À peine plus de trois mois après la présidentielle, les Maliens retournent dimanche aux urnes pour élire leurs députés. Une élection qui doit parachever le retour à marche forcée du pays vers la légalité, après le coup d’État de mars 2012 et la guerre contre les mouvements islamistes. Marraine de ce processus ultrarapide et inédit, la communauté internationale se veut confiante. La France, d’abord très impliquée dans le soutien à l’organisation de scrutins, s’est faite, cette fois, discrète. «Nous n’avons pas à nous exprimer. Il y a un président élu et des institutions», dit-on à Paris. Car le succès indéniable de la présidentielle, qui a vu Ibrahim Boubacar Keïta, dit IBK, l’emporter sans accroc face à Soumaïla Cissé, n’empêche pas les questions de s’accumuler autour de ce second volet électoral, qui sonne comme un premier test pour le nouveau pouvoir.

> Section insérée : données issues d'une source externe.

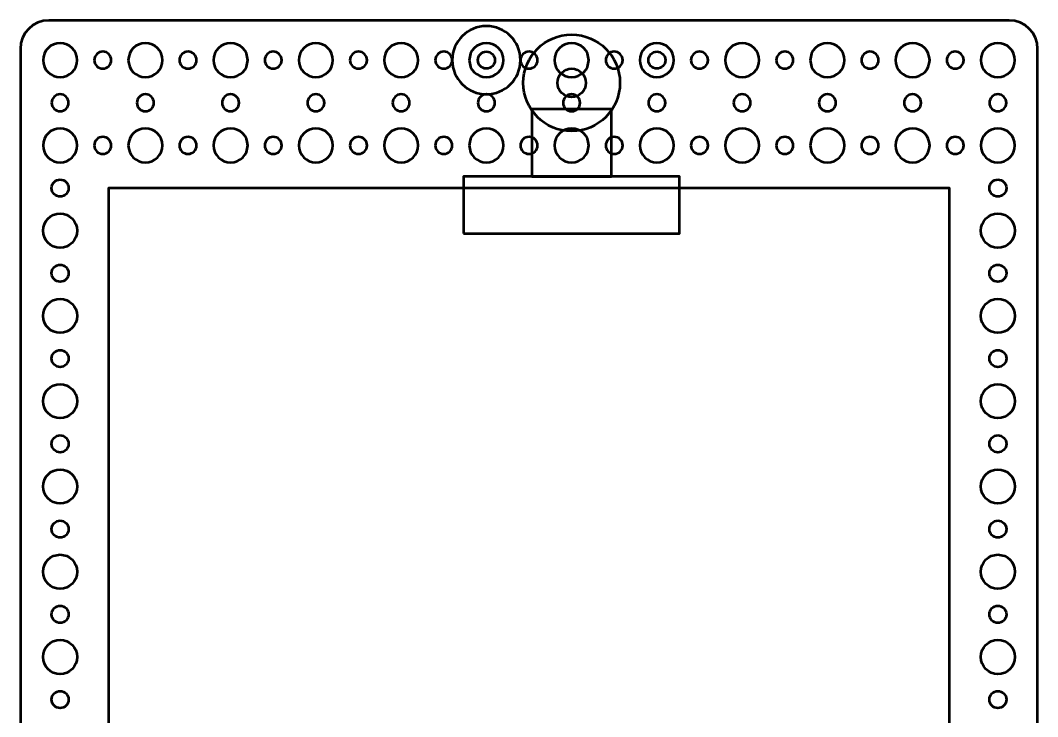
# Model space of a CAD drawing. Header units: centimetres. Extents: x -8.9 to 8.9, y -12.7 to 12.7.
# Drawn here: x -8.95 to 8.95, y 0.45 to 12.7 of the extents above; entities that cross this region are included whole.
import ezdxf

# ---------------------------------------------------------------- set-up
doc = ezdxf.new("R2010")
doc.units = ezdxf.units.CM
doc.header["$MEASUREMENT"] = 0
doc.layers.add('Layer 1', color=7, linetype='Continuous')

msp = doc.modelspace()

# ---------------------------------------------------------------- linework, layer by layer
at = {"layer": 'Layer 1', "color": 4, "lineweight": 53}
for points in [[(0.04998, 9.95001), (1.44998, 9.95001), (1.44998, 11.14017), (0.04998, 11.14017), (0.04998, 9.95001)], [(-1.15002, 8.95), (2.64998, 8.95), (2.64998, 9.95), (-1.15002, 9.95), (-1.15002, 8.95)], [(-7.4, -11.25), (7.4, -11.25), (7.4, 9.75), (-7.4, 9.75), (-7.4, -11.25)]]:
    msp.add_lwpolyline(points, close=True, dxfattribs=at)
for centre, major_axis in [((0.75, 11.6), (0, 0.85)), ((-0.75, 12), (0, 0.15)), ((2.25, 12), (0, 0.15)), ((0.75, 11.6), (0, 0.25))]:
    msp.add_ellipse(centre, major_axis=major_axis, ratio=1, dxfattribs=at)
at = {"layer": 'Layer 1', "lineweight": 53}
for centre, major_axis in [((-8.25, 9.75), (0, 0.15)), ((8.25, 9.75), (0, 0.15)), ((-8.24999, 8.99999), (0, 0.30001)), ((8.25001, 8.99999), (0, 0.30001)), ((-8.25, 8.25), (0, 0.15)), ((8.25, 8.25), (0, 0.15)), ((-8.24999, 7.49999), (0, 0.30001)), ((8.25001, 7.49999), (0, 0.30001)), ((-8.25, 6.75), (0, 0.15)), ((8.25, 6.75), (0, 0.15)), ((-8.24999, 5.99999), (0, 0.30001)), ((8.25001, 5.99999), (0, 0.30001)), ((-8.25, 5.25), (0, 0.15)), ((8.25, 5.25), (0, 0.15)), ((-8.24999, 4.49999), (0, 0.30001)), ((8.25001, 4.49999), (0, 0.30001)), ((-8.25, 3.75), (0, 0.15)), ((8.25, 3.75), (0, 0.15)), ((-8.24999, 2.99999), (0, 0.30001)), ((8.25001, 2.99999), (0, 0.30001)), ((-8.25, 2.25), (0, 0.15)), ((8.25, 2.25), (0, 0.15)), ((-8.24999, 1.49999), (0, 0.30001)), ((8.25001, 1.49999), (0, 0.30001)), ((-8.25, 0.75), (0, 0.15)), ((8.25, 0.75), (0, 0.15))]:
    msp.add_ellipse(centre, major_axis=major_axis, ratio=1, dxfattribs=at)
for points, knots in [([(-8.95, -12.2), (-8.95, -12.2), (-8.95, 12.2), (-8.95, 12.2), (-8.95, 12.2), (-8.95, 12.47614), (-8.72614, 12.7), (-8.45, 12.7), (-8.45, 12.7), (-8.45, 12.7), (8.45, 12.7), (8.45, 12.7), (8.45, 12.7), (8.72614, 12.7), (8.95, 12.47614), (8.95, 12.2), (8.95, 12.2), (8.95, 12.2), (8.95, -12.2), (8.95, -12.2), (8.95, -12.2), (8.95, -12.47614), (8.72614, -12.7), (8.45, -12.7), (8.45, -12.7), (8.45, -12.7), (-8.45, -12.7), (-8.45, -12.7), (-8.45, -12.7), (-8.72614, -12.7), (-8.95, -12.47614), (-8.95, -12.2)], [0, 0, 0, 0, 0.11111111, 0.11111111, 0.11111111, 0.11111111, 0.22222222, 0.22222222, 0.22222222, 0.22222222, 0.33333333, 0.33333333, 0.33333333, 0.33333333, 0.44444444, 0.44444444, 0.44444444, 0.44444444, 0.55555556, 0.55555556, 0.55555556, 0.55555556, 0.66666667, 0.66666667, 0.66666667, 0.66666667, 0.77777778, 0.77777778, 0.77777778, 0.77777778, 1, 1, 1, 1]), ([(-8.55, 12), (-8.55, 12.16569), (-8.41569, 12.3), (-8.25, 12.3), (-8.25, 12.3), (-8.08431, 12.3), (-7.95, 12.16569), (-7.95, 12), (-7.95, 12), (-7.95, 11.83431), (-8.08431, 11.7), (-8.25, 11.7), (-8.25, 11.7), (-8.41569, 11.7), (-8.55, 11.83431), (-8.55, 12)], [0, 0, 0, 0, 0.2, 0.2, 0.2, 0.2, 0.4, 0.4, 0.4, 0.4, 0.6, 0.6, 0.6, 0.6, 1, 1, 1, 1]), ([(-7.05, 12), (-7.05, 12.16569), (-6.91569, 12.3), (-6.75, 12.3), (-6.75, 12.3), (-6.58431, 12.3), (-6.45, 12.16569), (-6.45, 12), (-6.45, 12), (-6.45, 11.83431), (-6.58431, 11.7), (-6.75, 11.7), (-6.75, 11.7), (-6.91569, 11.7), (-7.05, 11.83431), (-7.05, 12)], [0, 0, 0, 0, 0.2, 0.2, 0.2, 0.2, 0.4, 0.4, 0.4, 0.4, 0.6, 0.6, 0.6, 0.6, 1, 1, 1, 1]), ([(-5.55, 12), (-5.55, 12.16569), (-5.41569, 12.3), (-5.25, 12.3), (-5.25, 12.3), (-5.08431, 12.3), (-4.95, 12.16569), (-4.95, 12), (-4.95, 12), (-4.95, 11.83431), (-5.08431, 11.7), (-5.25, 11.7), (-5.25, 11.7), (-5.41569, 11.7), (-5.55, 11.83431), (-5.55, 12)], [0, 0, 0, 0, 0.2, 0.2, 0.2, 0.2, 0.4, 0.4, 0.4, 0.4, 0.6, 0.6, 0.6, 0.6, 1, 1, 1, 1]), ([(-4.05, 12), (-4.05, 12.16569), (-3.91569, 12.3), (-3.75, 12.3), (-3.75, 12.3), (-3.58431, 12.3), (-3.45, 12.16569), (-3.45, 12), (-3.45, 12), (-3.45, 11.83431), (-3.58431, 11.7), (-3.75, 11.7), (-3.75, 11.7), (-3.91569, 11.7), (-4.05, 11.83431), (-4.05, 12)], [0, 0, 0, 0, 0.2, 0.2, 0.2, 0.2, 0.4, 0.4, 0.4, 0.4, 0.6, 0.6, 0.6, 0.6, 1, 1, 1, 1]), ([(-2.55, 12), (-2.55, 12.16569), (-2.41569, 12.3), (-2.25, 12.3), (-2.25, 12.3), (-2.08431, 12.3), (-1.95, 12.16569), (-1.95, 12), (-1.95, 12), (-1.95, 11.83431), (-2.08431, 11.7), (-2.25, 11.7), (-2.25, 11.7), (-2.41569, 11.7), (-2.55, 11.83431), (-2.55, 12)], [0, 0, 0, 0, 0.2, 0.2, 0.2, 0.2, 0.4, 0.4, 0.4, 0.4, 0.6, 0.6, 0.6, 0.6, 1, 1, 1, 1]), ([(-1.05, 12), (-1.05, 12.16569), (-0.91569, 12.3), (-0.75, 12.3), (-0.75, 12.3), (-0.58431, 12.3), (-0.45, 12.16569), (-0.45, 12), (-0.45, 12), (-0.45, 11.83431), (-0.58431, 11.7), (-0.75, 11.7), (-0.75, 11.7), (-0.91569, 11.7), (-1.05, 11.83431), (-1.05, 12)], [0, 0, 0, 0, 0.2, 0.2, 0.2, 0.2, 0.4, 0.4, 0.4, 0.4, 0.6, 0.6, 0.6, 0.6, 1, 1, 1, 1]), ([(0.45, 12), (0.45, 12.16569), (0.58431, 12.3), (0.75, 12.3), (0.75, 12.3), (0.91569, 12.3), (1.05, 12.16569), (1.05, 12), (1.05, 12), (1.05, 11.83431), (0.91569, 11.7), (0.75, 11.7), (0.75, 11.7), (0.58431, 11.7), (0.45, 11.83431), (0.45, 12)], [0, 0, 0, 0, 0.2, 0.2, 0.2, 0.2, 0.4, 0.4, 0.4, 0.4, 0.6, 0.6, 0.6, 0.6, 1, 1, 1, 1]), ([(1.95, 12), (1.95, 12.16569), (2.08431, 12.3), (2.25, 12.3), (2.25, 12.3), (2.41569, 12.3), (2.55, 12.16569), (2.55, 12), (2.55, 12), (2.55, 11.83431), (2.41569, 11.7), (2.25, 11.7), (2.25, 11.7), (2.08431, 11.7), (1.95, 11.83431), (1.95, 12)], [0, 0, 0, 0, 0.2, 0.2, 0.2, 0.2, 0.4, 0.4, 0.4, 0.4, 0.6, 0.6, 0.6, 0.6, 1, 1, 1, 1]), ([(3.45, 12), (3.45, 12.16569), (3.58431, 12.3), (3.75, 12.3), (3.75, 12.3), (3.91569, 12.3), (4.05, 12.16569), (4.05, 12), (4.05, 12), (4.05, 11.83431), (3.91569, 11.7), (3.75, 11.7), (3.75, 11.7), (3.58431, 11.7), (3.45, 11.83431), (3.45, 12)], [0, 0, 0, 0, 0.2, 0.2, 0.2, 0.2, 0.4, 0.4, 0.4, 0.4, 0.6, 0.6, 0.6, 0.6, 1, 1, 1, 1]), ([(4.95, 12), (4.95, 12.16569), (5.08431, 12.3), (5.25, 12.3), (5.25, 12.3), (5.41569, 12.3), (5.55, 12.16569), (5.55, 12), (5.55, 12), (5.55, 11.83431), (5.41569, 11.7), (5.25, 11.7), (5.25, 11.7), (5.08431, 11.7), (4.95, 11.83431), (4.95, 12)], [0, 0, 0, 0, 0.2, 0.2, 0.2, 0.2, 0.4, 0.4, 0.4, 0.4, 0.6, 0.6, 0.6, 0.6, 1, 1, 1, 1]), ([(6.45, 12), (6.45, 12.16569), (6.58431, 12.3), (6.75, 12.3), (6.75, 12.3), (6.91569, 12.3), (7.05, 12.16569), (7.05, 12), (7.05, 12), (7.05, 11.83431), (6.91569, 11.7), (6.75, 11.7), (6.75, 11.7), (6.58431, 11.7), (6.45, 11.83431), (6.45, 12)], [0, 0, 0, 0, 0.2, 0.2, 0.2, 0.2, 0.4, 0.4, 0.4, 0.4, 0.6, 0.6, 0.6, 0.6, 1, 1, 1, 1]), ([(7.95, 12), (7.95, 12.16569), (8.08431, 12.3), (8.25, 12.3), (8.25, 12.3), (8.41569, 12.3), (8.55, 12.16569), (8.55, 12), (8.55, 12), (8.55, 11.83431), (8.41569, 11.7), (8.25, 11.7), (8.25, 11.7), (8.08431, 11.7), (7.95, 11.83431), (7.95, 12)], [0, 0, 0, 0, 0.2, 0.2, 0.2, 0.2, 0.4, 0.4, 0.4, 0.4, 0.6, 0.6, 0.6, 0.6, 1, 1, 1, 1]), ([(-7.65, 12), (-7.65, 12.08284), (-7.58284, 12.15), (-7.5, 12.15), (-7.5, 12.15), (-7.41716, 12.15), (-7.35, 12.08284), (-7.35, 12), (-7.35, 12), (-7.35, 11.91716), (-7.41716, 11.85), (-7.5, 11.85), (-7.5, 11.85), (-7.58284, 11.85), (-7.65, 11.91716), (-7.65, 12)], [0, 0, 0, 0, 0.2, 0.2, 0.2, 0.2, 0.4, 0.4, 0.4, 0.4, 0.6, 0.6, 0.6, 0.6, 1, 1, 1, 1]), ([(-6.15, 12), (-6.15, 12.08284), (-6.08284, 12.15), (-6, 12.15), (-6, 12.15), (-5.91716, 12.15), (-5.85, 12.08284), (-5.85, 12), (-5.85, 12), (-5.85, 11.91716), (-5.91716, 11.85), (-6, 11.85), (-6, 11.85), (-6.08284, 11.85), (-6.15, 11.91716), (-6.15, 12)], [0, 0, 0, 0, 0.2, 0.2, 0.2, 0.2, 0.4, 0.4, 0.4, 0.4, 0.6, 0.6, 0.6, 0.6, 1, 1, 1, 1]), ([(-4.65, 12), (-4.65, 12.08284), (-4.58284, 12.15), (-4.5, 12.15), (-4.5, 12.15), (-4.41716, 12.15), (-4.35, 12.08284), (-4.35, 12), (-4.35, 12), (-4.35, 11.91716), (-4.41716, 11.85), (-4.5, 11.85), (-4.5, 11.85), (-4.58284, 11.85), (-4.65, 11.91716), (-4.65, 12)], [0, 0, 0, 0, 0.2, 0.2, 0.2, 0.2, 0.4, 0.4, 0.4, 0.4, 0.6, 0.6, 0.6, 0.6, 1, 1, 1, 1]), ([(-3.15, 12), (-3.15, 12.08284), (-3.08284, 12.15), (-3, 12.15), (-3, 12.15), (-2.91716, 12.15), (-2.85, 12.08284), (-2.85, 12), (-2.85, 12), (-2.85, 11.91716), (-2.91716, 11.85), (-3, 11.85), (-3, 11.85), (-3.08284, 11.85), (-3.15, 11.91716), (-3.15, 12)], [0, 0, 0, 0, 0.2, 0.2, 0.2, 0.2, 0.4, 0.4, 0.4, 0.4, 0.6, 0.6, 0.6, 0.6, 1, 1, 1, 1]), ([(-1.65, 12), (-1.65, 12.08284), (-1.58284, 12.15), (-1.5, 12.15), (-1.5, 12.15), (-1.41716, 12.15), (-1.35, 12.08284), (-1.35, 12), (-1.35, 12), (-1.35, 11.91716), (-1.41716, 11.85), (-1.5, 11.85), (-1.5, 11.85), (-1.58284, 11.85), (-1.65, 11.91716), (-1.65, 12)], [0, 0, 0, 0, 0.2, 0.2, 0.2, 0.2, 0.4, 0.4, 0.4, 0.4, 0.6, 0.6, 0.6, 0.6, 1, 1, 1, 1]), ([(-0.15, 12), (-0.15, 12.08284), (-0.08284, 12.15), (0, 12.15), (0, 12.15), (0.08284, 12.15), (0.15, 12.08284), (0.15, 12), (0.15, 12), (0.15, 11.91716), (0.08284, 11.85), (0, 11.85), (0, 11.85), (-0.08284, 11.85), (-0.15, 11.91716), (-0.15, 12)], [0, 0, 0, 0, 0.2, 0.2, 0.2, 0.2, 0.4, 0.4, 0.4, 0.4, 0.6, 0.6, 0.6, 0.6, 1, 1, 1, 1]), ([(1.35, 12), (1.35, 12.08284), (1.41716, 12.15), (1.5, 12.15), (1.5, 12.15), (1.58284, 12.15), (1.65, 12.08284), (1.65, 12), (1.65, 12), (1.65, 11.91716), (1.58284, 11.85), (1.5, 11.85), (1.5, 11.85), (1.41716, 11.85), (1.35, 11.91716), (1.35, 12)], [0, 0, 0, 0, 0.2, 0.2, 0.2, 0.2, 0.4, 0.4, 0.4, 0.4, 0.6, 0.6, 0.6, 0.6, 1, 1, 1, 1]), ([(2.85, 12), (2.85, 12.08284), (2.91716, 12.15), (3, 12.15), (3, 12.15), (3.08284, 12.15), (3.15, 12.08284), (3.15, 12), (3.15, 12), (3.15, 11.91716), (3.08284, 11.85), (3, 11.85), (3, 11.85), (2.91716, 11.85), (2.85, 11.91716), (2.85, 12)], [0, 0, 0, 0, 0.2, 0.2, 0.2, 0.2, 0.4, 0.4, 0.4, 0.4, 0.6, 0.6, 0.6, 0.6, 1, 1, 1, 1]), ([(4.35, 12), (4.35, 12.08284), (4.41716, 12.15), (4.5, 12.15), (4.5, 12.15), (4.58284, 12.15), (4.65, 12.08284), (4.65, 12), (4.65, 12), (4.65, 11.91716), (4.58284, 11.85), (4.5, 11.85), (4.5, 11.85), (4.41716, 11.85), (4.35, 11.91716), (4.35, 12)], [0, 0, 0, 0, 0.2, 0.2, 0.2, 0.2, 0.4, 0.4, 0.4, 0.4, 0.6, 0.6, 0.6, 0.6, 1, 1, 1, 1]), ([(5.85, 12), (5.85, 12.08284), (5.91716, 12.15), (6, 12.15), (6, 12.15), (6.08284, 12.15), (6.15, 12.08284), (6.15, 12), (6.15, 12), (6.15, 11.91716), (6.08284, 11.85), (6, 11.85), (6, 11.85), (5.91716, 11.85), (5.85, 11.91716), (5.85, 12)], [0, 0, 0, 0, 0.2, 0.2, 0.2, 0.2, 0.4, 0.4, 0.4, 0.4, 0.6, 0.6, 0.6, 0.6, 1, 1, 1, 1]), ([(7.35, 12), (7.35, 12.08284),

La sécurité dans le nord du pays, un temps sous le joug islamiste, reste fragile. La chute de trois roquettes artisanales jeudi à Gao démontre que les groupes armés, s’ils ont été considérablement affaiblis par l’offensive de l’armée française, ont encore un pouvoir de nuisance. «Nous ne sommes pas à l’abri d’une action d’éclat d’une faction, notamment du Mujao à Gao, pour tenter de saboter l’élection», analyse un expert en sécurité. Kidal, la «capitale» touareg, échappe encore très largement au contrôle de l’État. Le vote y a certes été préparé, sans difficulté pour l’instant, et les leaders locaux y sont impliqués. Mais, contrairement à la présidentielle, aucun des chefs politiques maliens n’a osé venir y mener campagne, signe que l’euphorie est retombée.
«Consensus à la Malienne»
À Bamako, devant les bureaux de vote, la foule était maigre vendredi. Ibrahima traînait sans vraiment chercher son nom sur les listes. Électeur enthousiaste d’IBK à l’été, il ne savait pas s’il voterait cette fois. «Il n’y a pas de changement. On ne comprend plus», râlait-il. Les trop grandes espérances mises dans la nouvelle présidence ont provoqué, chez beaucoup, une forme de désenchantement. «Il est évident que le taux de participation sera beaucoup plus bas que celui historique de 50 % atteint lors du la précédente élection», assure le professeur de sciences politiques Nohom Traoré.
Le mode de scrutin peu clair n’aide pas à susciter le civisme. Ce vote majoritaire par listes et par préfectures a conduit les barons locaux à nouer des alliances temporaires étranges. «Il y a des associations contre-nature qui agacent les électeurs», souligne Nohom Traoré. Ainsi il arrive que le parti d’IBK soit associé sur une liste avec celui de l’opposant déclaré Soumaïla Cissé, contre des listes de mouvements qui leur sont officiellement alliés.
En creux, bien des électeurs redoutent de voir renaître le «consensus à la Malienne», un système où tout le monde soutenait le pouvoir. Longtemps salué par l’Occident, cet unanimisme, faute de garde-fous, a conduit à une corruption généralisée et à l’effondrement de la démocratie.
Dans l’entourage d’IBK, on assure «ne pas vouloir refaire les mêmes erreurs». «Tout ce qui nous intéresse est d’obtenir une majorité stable.» La tâche ne sera pas forcément simple, comme le souligne le professeur Momouni Soumano, directeur du Centre malien pour le dialogue interpartis et la démocratie. «La situation est délicate pour le pouvoir en ce moment. On se rend compte de la faiblesse de l’État qui ne parvient pas à rétablir l’ordre à Kidal ni à provoquer de sursaut.»